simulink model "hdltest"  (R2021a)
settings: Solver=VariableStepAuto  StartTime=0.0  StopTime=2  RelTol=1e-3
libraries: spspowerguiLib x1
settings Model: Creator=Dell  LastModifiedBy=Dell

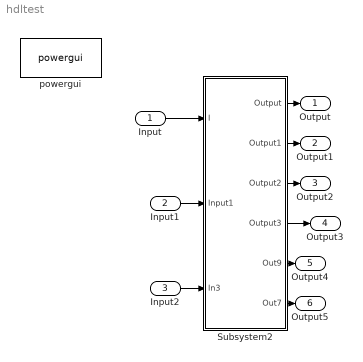
== system hdltest ==
  Input : Inport
  Input1 : Inport  Port=2
  Input2 : Inport  Port=3
  Subsystem2 : Subsystem
  powergui : spspowerguiLib/powergui  Priority=1  SimulationMode=Discrete  SampleTime=5e-6  frequency=60  Iterations=50  frequencyindice=60  Pbase=100e6  ErrMax=1e-4  UnitsV=kV  UnitsW=MW  buscounter=0  FunctionMessages=off  echomessages=off  EnableUseOfTLC=off  CurrentSourceSwitches=off  DisableSnubberDevices=off  DisableRonSwitches=off  DisableVfSwitches=off  DisplayEquations=off  AutomaticDiscreteSolvers=off  SolverType=Tustin/Backward Euler (TBE)  Interpol=off  ExternalGateDelay=off  methode=off  Ts=100  x0status=blocks  SPID=on  SwTol=0  HookPort=off  NonlinearTolerance=1e-4  nMaxIteration=100  ContinueOnMaxIteration=off  RestoreLinks=warning  ResistiveCurrentMeasurement=off  Frange=[0:2:500]  Ylog=off  Xlog=on  ShowGrid=off  save=off  variable=ZData  structure=0  ZoomFFT=off  StartTime=0.0  cycles=1  DisplayStyle=1  fundamental=60  FreqAxis=off  MaxFrequency=1000  frequencyindicesteady=1  RmsSteady=1  display=off
  Output : Outport
  Output1 : Outport  Port=2
  Output2 : Outport  Port=3
  Output3 : Outport  Port=4
  Output4 : Outport  Port=5
  Output5 : Outport  Port=6
  wires:
  Input/1 -> Subsystem2/1(I)
  Input2/1 -> Subsystem2/3(In3)
  Input1/1 -> Subsystem2/2(Input1)
  Subsystem2/6(Out7) -> Output5/1
  Subsystem2/5(Out9) -> Output4/1
  Subsystem2/4(Output3) -> Output3/1
  Subsystem2/3(Output2) -> Output2/1
  Subsystem2/2(Output1) -> Output1/1
  Subsystem2/1(Output) -> Output/1

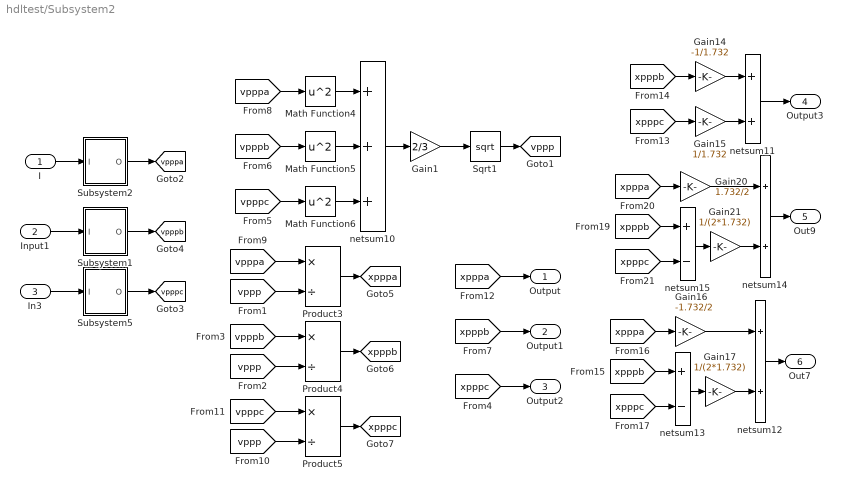
== system hdltest/Subsystem2 ==
  I : Inport
  Input1 : Inport  Port=2
  In3 : Inport  Port=3
  Gain1 : Gain  Gain=2/3
  Gain14 : Gain  Gain=-1/1.732
  Gain15 : Gain  Gain=1/1.732
  Gain16 : Gain  Gain=-1.732/2
  Gain17 : Gain  Gain=1/(2*1.732)
  Gain20 : Gain  Gain=1.732/2
  Gain21 : Gain  Gain=1/(2*1.732)
  Math Function4 : Math  Operator=square  SignedPower=on  SaturateOnIntegerOverflow=on
  Math Function5 : Math  Operator=square  SignedPower=on  SaturateOnIntegerOverflow=on
  Math Function6 : Math  Operator=square  SignedPower=on  SaturateOnIntegerOverflow=on
  Product3 : Product  Inputs=*/  RndMeth=Zero  SaturateOnIntegerOverflow=on
  Product4 : Product  Inputs=*/  RndMeth=Zero  SaturateOnIntegerOverflow=on
  Product5 : Product  Inputs=*/  RndMeth=Zero  SaturateOnIntegerOverflow=on
  Sqrt1 : Sqrt  SaturateOnIntegerOverflow=on
  Subsystem1 : Subsystem
  Subsystem2 : Subsystem
  Subsystem5 : Subsystem
  netsum10 : Sum  Inputs=+++  InputSameDT=on  SaturateOnIntegerOverflow=on  OutDataTypeStr=Inherit: Same as first input
  netsum11 : Sum  InputSameDT=on  SaturateOnIntegerOverflow=on  OutDataTypeStr=Inherit: Same as first input
  netsum12 : Sum  InputSameDT=on  SaturateOnIntegerOverflow=on  OutDataTypeStr=Inherit: Same as first input
  netsum13 : Sum  Inputs=+-  InputSameDT=on  SaturateOnIntegerOverflow=on  OutDataTypeStr=Inherit: Same as first input
  netsum14 : Sum  InputSameDT=on  SaturateOnIntegerOverflow=on  OutDataTypeStr=Inherit: Same as first input
  netsum15 : Sum  Inputs=+-  InputSameDT=on  SaturateOnIntegerOverflow=on  OutDataTypeStr=Inherit: Same as first input
  Output : Outport
  Output1 : Outport  Port=2
  Output2 : Outport  Port=3
  Output3 : Outport  Port=4
  Out9 : Outport  Port=5
  Out7 : Outport  Port=6
  tag scope: vppp=global, vpppa=global, vpppb=global, vpppc=global, xpppa=global, xpppb=global, xpppc=global
  wires:
  Math Function4/1 -> netsum10/1
  Math Function5/1 -> netsum10/2
  Math Function6/1 -> netsum10/3
  netsum10/1 -> Gain1/1
  Sqrt1/1 -> [vppp]
  I/1 -> Subsystem2/1(I)
  In3/1 -> Subsystem5/1(I)
  Input1/1 -> Subsystem1/1(I)
  [vpppb] -> Math Function5/1
  [vpppa] -> Math Function4/1
  [vpppc] -> Math Function6/1
  [vpppa] -> Product3/1
  [vppp] -> Product3/2
  [vppp] -> Product4/2
  [vpppb] -> Product4/1
  [vpppc] -> Product5/1
  [vppp] -> Product5/2
  Product3/1 -> [xpppa]
  Product4/1 -> [xpppb]
  Product5/1 -> [xpppc]
  [xpppa] -> Output/1
  [xpppb] -> Output1/1
  [xpppc] -> Output2/1
  [xpppb] -> Gain14/1
  Gain14/1 -> netsum11/1
  Gain15/1 -> netsum11/2
  [xpppc] -> Gain15/1
  netsum11/1 -> Output3/1
  netsum14/1 -> Out9/1
  [xpppb] -> netsum15/1
  Gain21/1 -> netsum14/2
  Gain20/1 -> netsum14/1
  [xpppa] -> Gain20/1
  [xpppc] -> netsum15/2
  netsum15/1 -> Gain21/1
  netsum13/1 -> Gain17/1
  [xpppc] -> netsum13/2
  [xpppa] -> Gain16/1
  Gain16/1 -> netsum12/1
  Gain17/1 -> netsum12/2
  [xpppb] -> netsum13/1
  netsum12/1 -> Out7/1
  Gain1/1 -> Sqrt1/1
  Subsystem2/1(O) -> [vpppa]
  Subsystem1/1(O) -> [vpppb]
  Subsystem5/1(O) -> [vpppc]

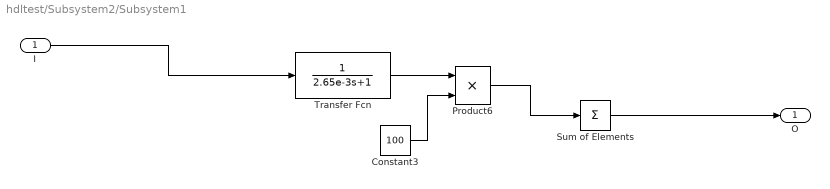
== system hdltest/Subsystem2/Subsystem1 ==
  I : Inport
  Constant3 : Constant  Value=100
  Product6 : Product  RndMeth=Zero
  Sum of Elements : Sum  Inputs=+
  Transfer Fcn : TransferFcn  Denominator=[2.65e-3 1]
  O : Outport
  wires:
  Product6/1 -> Sum of Elements/1
  Constant3/1 -> Product6/2
  Transfer Fcn/1 -> Product6/1
  I/1 -> Transfer Fcn/1
  Sum of Elements/1 -> O/1

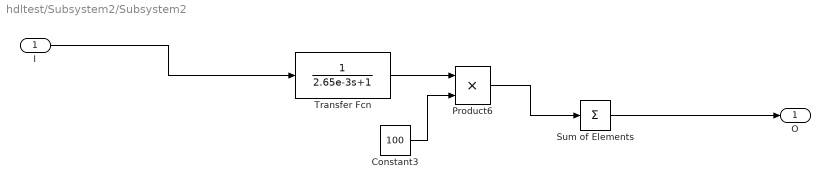
== system hdltest/Subsystem2/Subsystem2 ==
  I : Inport
  Constant3 : Constant  Value=100
  Product6 : Product  RndMeth=Zero
  Sum of Elements : Sum  Inputs=+
  Transfer Fcn : TransferFcn  Denominator=[2.65e-3 1]
  O : Outport
  wires:
  Product6/1 -> Sum of Elements/1
  Constant3/1 -> Product6/2
  Transfer Fcn/1 -> Product6/1
  I/1 -> Transfer Fcn/1
  Sum of Elements/1 -> O/1

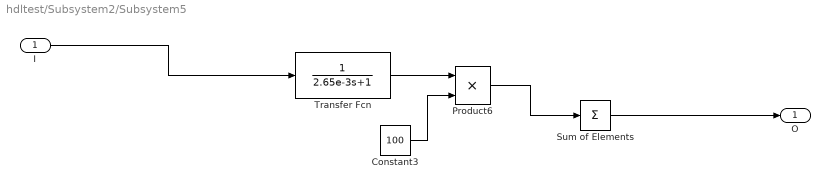
== system hdltest/Subsystem2/Subsystem5 ==
  I : Inport
  Constant3 : Constant  Value=100
  Product6 : Product  RndMeth=Zero
  Sum of Elements : Sum  Inputs=+
  Transfer Fcn : TransferFcn  Denominator=[2.65e-3 1]
  O : Outport
  wires:
  Sum of Elements/1 -> O/1
  I/1 -> Transfer Fcn/1
  Transfer Fcn/1 -> Product6/1
  Constant3/1 -> Product6/2
  Product6/1 -> Sum of Elements/1

Problem requirements - Find how many lines in the entries include the string "xpppb", and state only the number.

Solution for this problem - 6